Oh, sorry, I forgot to mention that salient detail!
I didn't check whether that was a common pattern or not...


>
> I have no issue with the patch. It would be great to hear from cgroup
> maintainers whether a concept of default permissions is something that
> would be useful also for other files.
>
>> I'd be interested to hear:
>> (a) do you think there is a less invasive way? Alternatively, we could
>> add a flag in cftype in include/linux/cgroup-defs.h, but that seems
>> more invasive for what is a legacy interface.
>> (b) would you be interested to take this patch, or is it too niche a fix
>> for a legacy subsystem?
>
> After you add your s-o-b, feel free to add
> Acked-by: Michal Hocko <[email protected]>
>
> If cgroup people find a concept of default permissions for a cgroup file
> sound then this could be replaced by that approach but this is really an
> easy workaround.

Will do, once I know the path forward and construct a proper commit
message, I'll add the s-o-b and ack.

>> ---
>> mm/memcontrol.c | 11 +++++++++++
>> 1 file changed, 11 insertions(+)
>>
>> diff --git a/mm/memcontrol.c b/mm/memcontrol.c
>> index 5abffe6f8389..e48c749d9724 100644
>> --- a/mm/memcontrol.c
>> +++ b/mm/memcontrol.c
>> @@ -3734,6 +3734,16 @@ static u64 mem_cgroup_read_u64(struct cgroup_subsys_state *css,
>> }
>> }
>>
>> +/*
>> + * This function doesn't do anything useful. Its only job is to provide a read
>> + * handler so that the file gets read permissions when it's created.
>
> I would just reference cgroup_file_mode() in the comment to make our
> lifes easier and comment more helpful.

Ack.


>
>> + */
>> +static int mem_cgroup_dummy_seq_show(__always_unused struct seq_file *m,
>> + __always_unused void *v)
>> +{
>> + return -EINVAL;
>> +}
>> +
>> #ifdef CONFIG_MEMCG_KMEM
>> static int memcg_online_kmem(struct mem_cgroup *memcg)
>> {
>> @@ -5064,6 +5074,7 @@ static struct cftype mem_cgroup_legacy_files[] = {
>> },
>> {
>> .name = "pressure_level",
>> + .seq_show = mem_cgroup_dummy_seq_show,
>> },
>> #ifdef CONFIG_NUMA
>> {
>> --
>> 2.32.0
>

2023-03-24 15:13:40

by Michal Koutný

[permalink] [raw]
Subject: Re: [RFC] memcg v1: provide read access to memory.pressure_level

Hello.

On Wed, Mar 22, 2023 at 02:25:25PM +0000, Florian Schmidt <[email protected]> wrote:
> cgroups v1 has a unique way of setting up memory pressure notifications:
...
> There are several ways around this issue, but adding a dummy read
> handler seems like the least invasive to me.
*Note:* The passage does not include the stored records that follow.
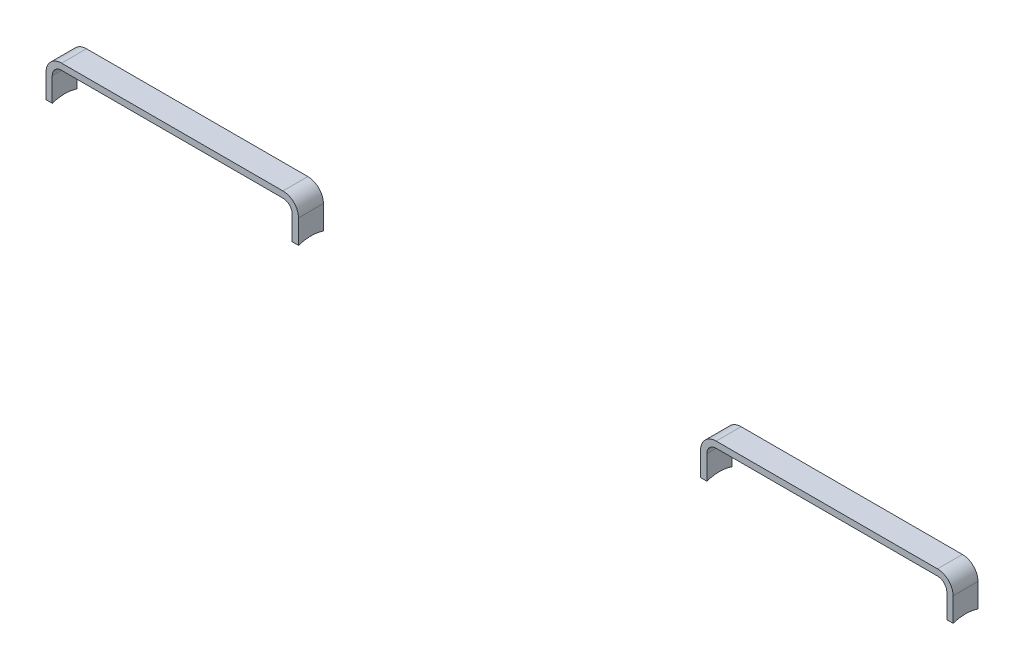
ISO-10303-21;
HEADER;
FILE_DESCRIPTION(('STEP AP214'),'2;1');
FILE_NAME('part.step','',(''),(''),'','','');
FILE_SCHEMA(('AUTOMOTIVE_DESIGN { 1 0 10303 214 1 1 1 1 }'));
ENDSEC;
DATA;
#1=APPLICATION_CONTEXT('core data for automotive mechanical design processes');
#2=APPLICATION_PROTOCOL_DEFINITION('international standard','automotive_design',2000,#1);
#3=PRODUCT_CONTEXT('',#1,'mechanical');
#4=PRODUCT('Part','Part','',(#3));
#5=PRODUCT_RELATED_PRODUCT_CATEGORY('part','',(#4));
#6=PRODUCT_DEFINITION_FORMATION('','',#4);
#7=PRODUCT_DEFINITION_CONTEXT('part definition',#1,'design');
#8=PRODUCT_DEFINITION('design','',#6,#7);
#9=PRODUCT_DEFINITION_SHAPE('','',#8);
#10=(LENGTH_UNIT() NAMED_UNIT(*) SI_UNIT(.MILLI.,.METRE.));
#11=(NAMED_UNIT(*) PLANE_ANGLE_UNIT() SI_UNIT($,.RADIAN.));
#12=(NAMED_UNIT(*) SI_UNIT($,.STERADIAN.) SOLID_ANGLE_UNIT());
#13=UNCERTAINTY_MEASURE_WITH_UNIT(LENGTH_MEASURE(1.E-05),#10,'distance_accuracy_value','');
#14=(GEOMETRIC_REPRESENTATION_CONTEXT(3) GLOBAL_UNCERTAINTY_ASSIGNED_CONTEXT((#13)) GLOBAL_UNIT_ASSIGNED_CONTEXT((#10,
#11,#12)) REPRESENTATION_CONTEXT('',''));
#15=CARTESIAN_POINT('',(0.,0.,0.));
#16=DIRECTION('',(0.,0.,1.));
#17=DIRECTION('',(1.,0.,0.));
#18=AXIS2_PLACEMENT_3D('',#15,#16,#17);
#19=CARTESIAN_POINT('',(140.5,649.700004626427,-1580.));
#20=DIRECTION('',(0.,0.,1.));
#21=DIRECTION('',(0.,-1.,0.));
#22=AXIS2_PLACEMENT_3D('',#19,#20,#21);
#23=CYLINDRICAL_SURFACE('',#22,5.);
#24=CARTESIAN_POINT('',(140.5,649.700004626427,-1576.));
#25=DIRECTION('',(0.,0.,-1.));
#26=DIRECTION('',(-1.,0.,0.));
#27=AXIS2_PLACEMENT_3D('',#24,#25,#26);
#28=CIRCLE('',#27,5.);
#29=CARTESIAN_POINT('',(140.5,654.700004626427,-1576.));
#30=VERTEX_POINT('',#29);
#31=CARTESIAN_POINT('',(145.5,649.700004626427,-1576.));
#32=VERTEX_POINT('',#31);
#33=EDGE_CURVE('E330',#30,#32,#28,.T.);
#34=ORIENTED_EDGE('',*,*,#33,.T.);
#35=DIRECTION('',(0.,0.,1.));
#36=VECTOR('',#35,1.);
#37=CARTESIAN_POINT('',(145.5,649.700004626427,-1580.));
#38=LINE('',#37,#36);
#39=CARTESIAN_POINT('',(145.5,649.700004626427,-1584.));
#40=VERTEX_POINT('',#39);
#41=EDGE_CURVE('E335',#40,#32,#38,.T.);
#42=ORIENTED_EDGE('',*,*,#41,.F.);
#43=CARTESIAN_POINT('',(140.5,649.700004626427,-1584.));
#44=DIRECTION('',(0.,0.,-1.));
#45=DIRECTION('',(-1.,0.,0.));
#46=AXIS2_PLACEMENT_3D('',#43,#44,#45);
#47=CIRCLE('',#46,5.);
#48=CARTESIAN_POINT('',(140.5,654.700004626427,-1584.));
#49=VERTEX_POINT('',#48);
#50=EDGE_CURVE('E275',#49,#40,#47,.T.);
#51=ORIENTED_EDGE('',*,*,#50,.F.);
#52=DIRECTION('',(0.,0.,1.));
#53=VECTOR('',#52,1.);
#54=CARTESIAN_POINT('',(140.5,654.700004626427,-1580.));
#55=LINE('',#54,#53);
#56=EDGE_CURVE('E272',#49,#30,#55,.T.);
#57=ORIENTED_EDGE('',*,*,#56,.T.);
#58=EDGE_LOOP('',(#34,#42,#51,#57));
#59=FACE_BOUND('',#58,.T.);
#60=ADVANCED_FACE('F142',(#59),#23,.T.);
#61=CARTESIAN_POINT('',(140.5,654.700004626427,-1580.));
#62=DIRECTION('',(0.,-1.,0.));
#63=DIRECTION('',(0.,0.,-1.));
#64=AXIS2_PLACEMENT_3D('',#61,#62,#63);
#65=PLANE('',#64);
#66=DIRECTION('',(-1.,0.,0.));
#67=VECTOR('',#66,1.);
#68=CARTESIAN_POINT('',(140.5,654.700004626427,-1576.));
#69=LINE('',#68,#67);
#70=CARTESIAN_POINT('',(69.5000000000004,654.700004626427,-1576.));
#71=VERTEX_POINT('',#70);
#72=EDGE_CURVE('E323',#30,#71,#69,.T.);
#73=ORIENTED_EDGE('',*,*,#72,.F.);
#74=ORIENTED_EDGE('',*,*,#56,.F.);
#75=DIRECTION('',(-1.,0.,0.));
#76=VECTOR('',#75,1.);
#77=CARTESIAN_POINT('',(140.5,654.700004626427,-1584.));
#78=LINE('',#77,#76);
#79=CARTESIAN_POINT('',(69.5000000000004,654.700004626427,-1584.));
#80=VERTEX_POINT('',#79);
#81=EDGE_CURVE('E268',#49,#80,#78,.T.);
#82=ORIENTED_EDGE('',*,*,#81,.T.);
#83=DIRECTION('',(0.,0.,1.));
#84=VECTOR('',#83,1.);
#85=CARTESIAN_POINT('',(69.5000000000004,654.700004626427,-1580.));
#86=LINE('',#85,#84);
#87=EDGE_CURVE('E271',#80,#71,#86,.T.);
#88=ORIENTED_EDGE('',*,*,#87,.T.);
#89=EDGE_LOOP('',(#73,#74,#82,#88));
#90=FACE_BOUND('',#89,.T.);
#91=ADVANCED_FACE('F388',(#90),#65,.F.);
#92=CARTESIAN_POINT('',(69.5000000000004,649.700004626427,-1580.));
#93=DIRECTION('',(0.,0.,1.));
#94=DIRECTION('',(0.,-1.,0.));
#95=AXIS2_PLACEMENT_3D('',#92,#93,#94);
#96=CYLINDRICAL_SURFACE('',#95,5.);
#97=CARTESIAN_POINT('',(69.5000000000004,649.700004626427,-1576.));
#98=DIRECTION('',(0.,0.,1.));
#99=DIRECTION('',(1.,0.,0.));
#100=AXIS2_PLACEMENT_3D('',#97,#98,#99);
#101=CIRCLE('',#100,5.);
#102=CARTESIAN_POINT('',(64.5000000000004,649.700004626427,-1576.));
#103=VERTEX_POINT('',#102);
#104=EDGE_CURVE('E326',#71,#103,#101,.T.);
#105=ORIENTED_EDGE('',*,*,#104,.F.);
#106=ORIENTED_EDGE('',*,*,#87,.F.);
#107=CARTESIAN_POINT('',(69.5000000000004,649.700004626427,-1584.));
#108=DIRECTION('',(0.,0.,1.));
#109=DIRECTION('',(1.,0.,0.));
#110=AXIS2_PLACEMENT_3D('',#107,#108,#109);
#111=CIRCLE('',#110,5.);
#112=CARTESIAN_POINT('',(64.5000000000004,649.700004626427,-1584.));
#113=VERTEX_POINT('',#112);
#114=EDGE_CURVE('E345',#80,#113,#111,.T.);
#115=ORIENTED_EDGE('',*,*,#114,.T.);
#116=DIRECTION('',(0.,0.,1.));
#117=VECTOR('',#116,1.);
#118=CARTESIAN_POINT('',(64.5000000000004,649.700004626427,-1580.));
#119=LINE('',#118,#117);
#120=EDGE_CURVE('E306',#113,#103,#119,.T.);
#121=ORIENTED_EDGE('',*,*,#120,.T.);
#122=EDGE_LOOP('',(#105,#106,#115,#121));
#123=FACE_BOUND('',#122,.T.);
#124=ADVANCED_FACE('F378',(#123),#96,.T.);
#125=CARTESIAN_POINT('',(69.5000000000004,649.700004626427,-1580.));
#126=DIRECTION('',(0.,0.,1.));
#127=DIRECTION('',(0.,-1.,0.));
#128=AXIS2_PLACEMENT_3D('',#125,#126,#127);
#129=CYLINDRICAL_SURFACE('',#128,3.);
#130=CARTESIAN_POINT('',(69.5000000000004,649.700004626427,-1576.));
#131=DIRECTION('',(0.,0.,1.));
#132=DIRECTION('',(1.,0.,0.));
#133=AXIS2_PLACEMENT_3D('',#130,#131,#132);
#134=CIRCLE('',#133,3.);
#135=CARTESIAN_POINT('',(69.5000000000004,652.700004626427,-1576.));
#136=VERTEX_POINT('',#135);
#137=CARTESIAN_POINT('',(66.5000000000004,649.700004626427,-1576.));
#138=VERTEX_POINT('',#137);
#139=EDGE_CURVE('E302',#136,#138,#134,.T.);
#140=ORIENTED_EDGE('',*,*,#139,.T.);
#141=DIRECTION('',(0.,0.,1.));
#142=VECTOR('',#141,1.);
#143=CARTESIAN_POINT('',(66.5000000000004,649.700004626427,-1580.));
#144=LINE('',#143,#142);
#145=CARTESIAN_POINT('',(66.5000000000004,649.700004626427,-1584.));
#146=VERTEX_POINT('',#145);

I'd be interested to hear:
> (a) do you think there is a less invasive way? Alternatively, we could
> add a flag in cftype in include/linux/cgroup-defs.h, but that seems
> more invasive for what is a legacy interface.

You can (as privileged user) modify file perms in userspace first (e.g.
chmod o+r memory.pressure_level) and then it can used by non-privileged
users. (Or do LSM prevent you from that too?)

> (b) would you be interested to take this patch, or is it too niche a fix
> for a legacy subsystem?

I'd rather not extend this "unique way" with additionally unique dummy
helpers.

My 0.02 €,
Michal


Attachments:
(No filename) (936.00 B)
signature.asc (235.00 B)
Download all attachments

2023-03-27 14:08:20

by Florian Schmidt

[permalink] [raw]
Subject: Re: [RFC] memcg v1: provide read access to memory.pressure_level

Hi Michal,

On 24/03/2023 15:03, Michal Koutný wrote:
> On Wed, Mar 22, 2023 at 02:25:25PM +0000, Florian Schmidt <[email protected]> wrote:
>> cgroups v1 has a unique way of setting up memory pressure notifications:
> ...
>> There are several ways around this issue, but adding a dummy read
>> handler seems like the least invasive to me. I'd be interested to hear:
>> (a) do you think there is a less invasive way? Alternatively, we could
>> add a flag in cftype in include/linux/cgroup-defs.h, but that seems
>> more invasive for what is a legacy interface.
>
> You can (as privileged user) modify file perms in userspace first (e.g.
> chmod o+r memory.pressure_level) and then it can used by non-privileged
> users. (Or do LSM prevent you from that too?)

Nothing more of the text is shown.